Evaluate with weave.Evaluation

This section shows how to measure your model’s performance on a fixed dataset so you can compare iterations quantitatively. Evaluations help you measure the performance of your applications. With the weave.Evaluation class, you can capture how well your model performs on specific tasks or datasets, which helps you compare different models and iterations of your application. The following example shows how to evaluate the model created in the previous section:
import asyncio
from llama_index.core.evaluation import CorrectnessEvaluator

eval_examples = [
    {
        "id": "0",
        "query": "What programming language did Paul Graham learn to teach himself AI when he was in college?",
        "ground_truth": "Paul Graham learned Lisp to teach himself AI when he was in college.",
    },
    {
        "id": "1",
        "query": "What was the name of the startup Paul Graham co-founded that was eventually acquired by Yahoo?",
        "ground_truth": "The startup Paul Graham co-founded that was eventually acquired by Yahoo was called Viaweb.",
    },
    {
        "id": "2",
        "query": "What is the capital city of France?",
        "ground_truth": "I cannot answer this question because no information was provided in the text.",
    },
]

llm_judge = OpenAI(model="gpt-4", temperature=0.0)
evaluator = CorrectnessEvaluator(llm=llm_judge)

@weave.op()
def correctness_evaluator(query: str, ground_truth: str, output: dict):
    result = evaluator.evaluate(
        query=query, reference=ground_truth, response=output["response"]
    )
    return {"correctness": float(result.score)}

evaluation = weave.Evaluation(dataset=eval_examples, scorers=[correctness_evaluator])

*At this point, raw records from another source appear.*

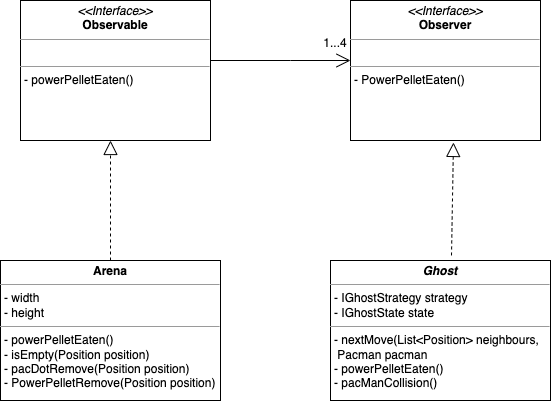

The diagram above was exported from draw.io. Its source (the exported page's mxGraphModel, read from the mxfile embedded in the PNG):
<mxGraphModel dx="2600" dy="620" grid="1" gridSize="10" guides="1" tooltips="1" connect="1" arrows="1" fold="1" page="1" pageScale="1" pageWidth="827" pageHeight="1169" math="0" shadow="0">
  <root>
    <mxCell id="WIyWlLk6GJQsqaUBKTNV-0" />
    <mxCell id="WIyWlLk6GJQsqaUBKTNV-1" parent="WIyWlLk6GJQsqaUBKTNV-0" />
    <mxCell id="LImJwYIdccZUfmBPc7Kf-0" value="&lt;p style=&quot;margin:0px;margin-top:4px;text-align:center;&quot;&gt;&lt;b&gt;&lt;i&gt;Ghost&lt;/i&gt;&lt;/b&gt;&lt;/p&gt;&lt;hr size=&quot;1&quot;&gt;&lt;p style=&quot;margin:0px;margin-left:4px;&quot;&gt;- IGhostStrategy strategy&lt;br&gt;- IGhostState state&lt;/p&gt;&lt;hr size=&quot;1&quot;&gt;&lt;p style=&quot;margin:0px;margin-left:4px;&quot;&gt;- nextMove(List&amp;lt;Position&amp;gt; neighbours,&lt;/p&gt;&lt;p style=&quot;margin:0px;margin-left:4px;&quot;&gt;&amp;nbsp;Pacman pacman&lt;/p&gt;&lt;p style=&quot;margin:0px;margin-left:4px;&quot;&gt;- powerPelletEaten()&lt;/p&gt;&lt;p style=&quot;margin:0px;margin-left:4px;&quot;&gt;- pacManCollision()&lt;/p&gt;" style="verticalAlign=top;align=left;overflow=fill;fontSize=12;fontFamily=Helvetica;html=1;" parent="WIyWlLk6GJQsqaUBKTNV-1" vertex="1">
      <mxGeometry x="-540" y="480" width="220" height="140" as="geometry" />
    </mxCell>
    <mxCell id="LImJwYIdccZUfmBPc7Kf-75" value="&lt;p style=&quot;margin:0px;margin-top:4px;text-align:center;&quot;&gt;&lt;i&gt;&amp;lt;&amp;lt;Interface&amp;gt;&amp;gt;&lt;/i&gt;&lt;br&gt;&lt;b&gt;Observable&lt;/b&gt;&lt;/p&gt;&lt;hr size=&quot;1&quot;&gt;&lt;p style=&quot;margin:0px;margin-left:4px;&quot;&gt;&lt;br&gt;&lt;/p&gt;&lt;hr size=&quot;1&quot;&gt;&lt;p style=&quot;margin:0px;margin-left:4px;&quot;&gt;- powerPelletEaten()&lt;/p&gt;" style="verticalAlign=top;align=left;overflow=fill;fontSize=12;fontFamily=Helvetica;html=1;" parent="WIyWlLk6GJQsqaUBKTNV-1" vertex="1">
      <mxGeometry x="-850" y="220" width="190" height="140" as="geometry" />
    </mxCell>
    <mxCell id="LImJwYIdccZUfmBPc7Kf-80" value="&lt;p style=&quot;margin:0px;margin-top:4px;text-align:center;&quot;&gt;&lt;i&gt;&amp;lt;&amp;lt;Interface&amp;gt;&amp;gt;&lt;/i&gt;&lt;br&gt;&lt;b&gt;Observer&lt;/b&gt;&lt;/p&gt;&lt;hr size=&quot;1&quot;&gt;&lt;p style=&quot;margin:0px;margin-left:4px;&quot;&gt;&lt;br&gt;&lt;/p&gt;&lt;hr size=&quot;1&quot;&gt;&lt;p style=&quot;margin:0px;margin-left:4px;&quot;&gt;- PowerPelletEaten()&lt;/p&gt;" style="verticalAlign=top;align=left;overflow=fill;fontSize=12;fontFamily=Helvetica;html=1;" parent="WIyWlLk6GJQsqaUBKTNV-1" vertex="1">
      <mxGeometry x="-520" y="220" width="190" height="140" as="geometry" />
    </mxCell>
    <mxCell id="LImJwYIdccZUfmBPc7Kf-81" value="" style="endArrow=block;dashed=1;endFill=0;endSize=12;html=1;rounded=0;entryX=0.542;entryY=1.014;entryDx=0;entryDy=0;exitX=0.55;exitY=-0.036;exitDx=0;exitDy=0;exitPerimeter=0;entryPerimeter=0;" parent="WIyWlLk6GJQsqaUBKTNV-1" source="LImJwYIdccZUfmBPc7Kf-0" target="LImJwYIdccZUfmBPc7Kf-80" edge="1">
      <mxGeometry width="160" relative="1" as="geometry">
        <mxPoint x="-430" y="460" as="sourcePoint" />
        <mxPoint x="-460" y="214.40999999999957" as="targetPoint" />
      </mxGeometry>
    </mxCell>
    <mxCell id="vcX_01h2xlhEXC0QSa_2-16" value="&lt;p style=&quot;margin:0px;margin-top:4px;text-align:center;&quot;&gt;&lt;b&gt;Arena&lt;/b&gt;&lt;/p&gt;&lt;hr size=&quot;1&quot;&gt;&lt;p style=&quot;margin:0px;margin-left:4px;&quot;&gt;- width&lt;/p&gt;&lt;p style=&quot;margin:0px;margin-left:4px;&quot;&gt;- height&lt;/p&gt;&lt;hr size=&quot;1&quot;&gt;&lt;p style=&quot;margin:0px;margin-left:4px;&quot;&gt;- powerPelletEaten()&lt;/p&gt;&lt;p style=&quot;margin:0px;margin-left:4px;&quot;&gt;- isEmpty(Position position)&lt;/p&gt;&lt;p style=&quot;margin:0px;margin-left:4px;&quot;&gt;- pacDotRemove(Position position)&lt;/p&gt;&lt;p style=&quot;margin:0px;margin-left:4px;&quot;&gt;- PowerPelletRemove(Position position)&lt;/p&gt;" style="verticalAlign=top;align=left;overflow=fill;fontSize=12;fontFamily=Helvetica;html=1;" parent="WIyWlLk6GJQsqaUBKTNV-1" vertex="1">
      <mxGeometry x="-870" y="480" width="220" height="140" as="geometry" />
    </mxCell>
    <mxCell id="nMzh6HupCcSK2tikVUIQ-6" value="&lt;font style=&quot;font-size: 12px;&quot;&gt;1...4&lt;/font&gt;" style="text;html=1;strokeColor=none;fillColor=none;align=center;verticalAlign=middle;whiteSpace=wrap;rounded=0;fontSize=20;" parent="WIyWlLk6GJQsqaUBKTNV-1" vertex="1">
      <mxGeometry x="-550" y="250" width="30" height="20" as="geometry" />
    </mxCell>
    <mxCell id="33OuWKfah3ZM8AoSroxb-0" value="" style="endArrow=open;endFill=1;endSize=12;html=1;rounded=0;" parent="WIyWlLk6GJQsqaUBKTNV-1" edge="1">
      <mxGeometry width="160" relative="1" as="geometry">
        <mxPoint x="-630" y="280" as="sourcePoint" />
        <mxPoint x="-520" y="280" as="targetPoint" />
        <Array as="points">
          <mxPoint x="-660" y="280" />
          <mxPoint x="-580" y="280" />
        </Array>
      </mxGeometry>
    </mxCell>
    <mxCell id="QUUM8ppJNj_BT5XVGGDX-0" value="" style="endArrow=block;dashed=1;endFill=0;endSize=12;html=1;rounded=0;" edge="1" parent="WIyWlLk6GJQsqaUBKTNV-1">
      <mxGeometry width="160" relative="1" as="geometry">
        <mxPoint x="-760" y="480" as="sourcePoint" />
        <mxPoint x="-760" y="360" as="targetPoint" />
      </mxGeometry>
    </mxCell>
  </root>
</mxGraphModel>

rag_pipeline = SimpleRAGPipeline()

asyncio.run(evaluation.evaluate(rag_pipeline))
This evaluation builds on the example in the previous section. Evaluating with weave.Evaluation requires an evaluation dataset, a scorer function, and a weave.Model. These requirements apply to the three key components:
  • The keys of the evaluation sample dicts must match the arguments of the scorer function and of the weave.Model’s predict method.
  • The weave.Model must have a method named predict, infer, or forward. You must decorate this method with weave.op() for tracing.
  • The scorer function must be decorated with weave.op() and must have output as a named argument.
llamaindex_evaluation.png By integrating Weave with LlamaIndex, you can ensure comprehensive logging and monitoring of your LLM applications, which streamlines debugging and performance optimization through evaluation.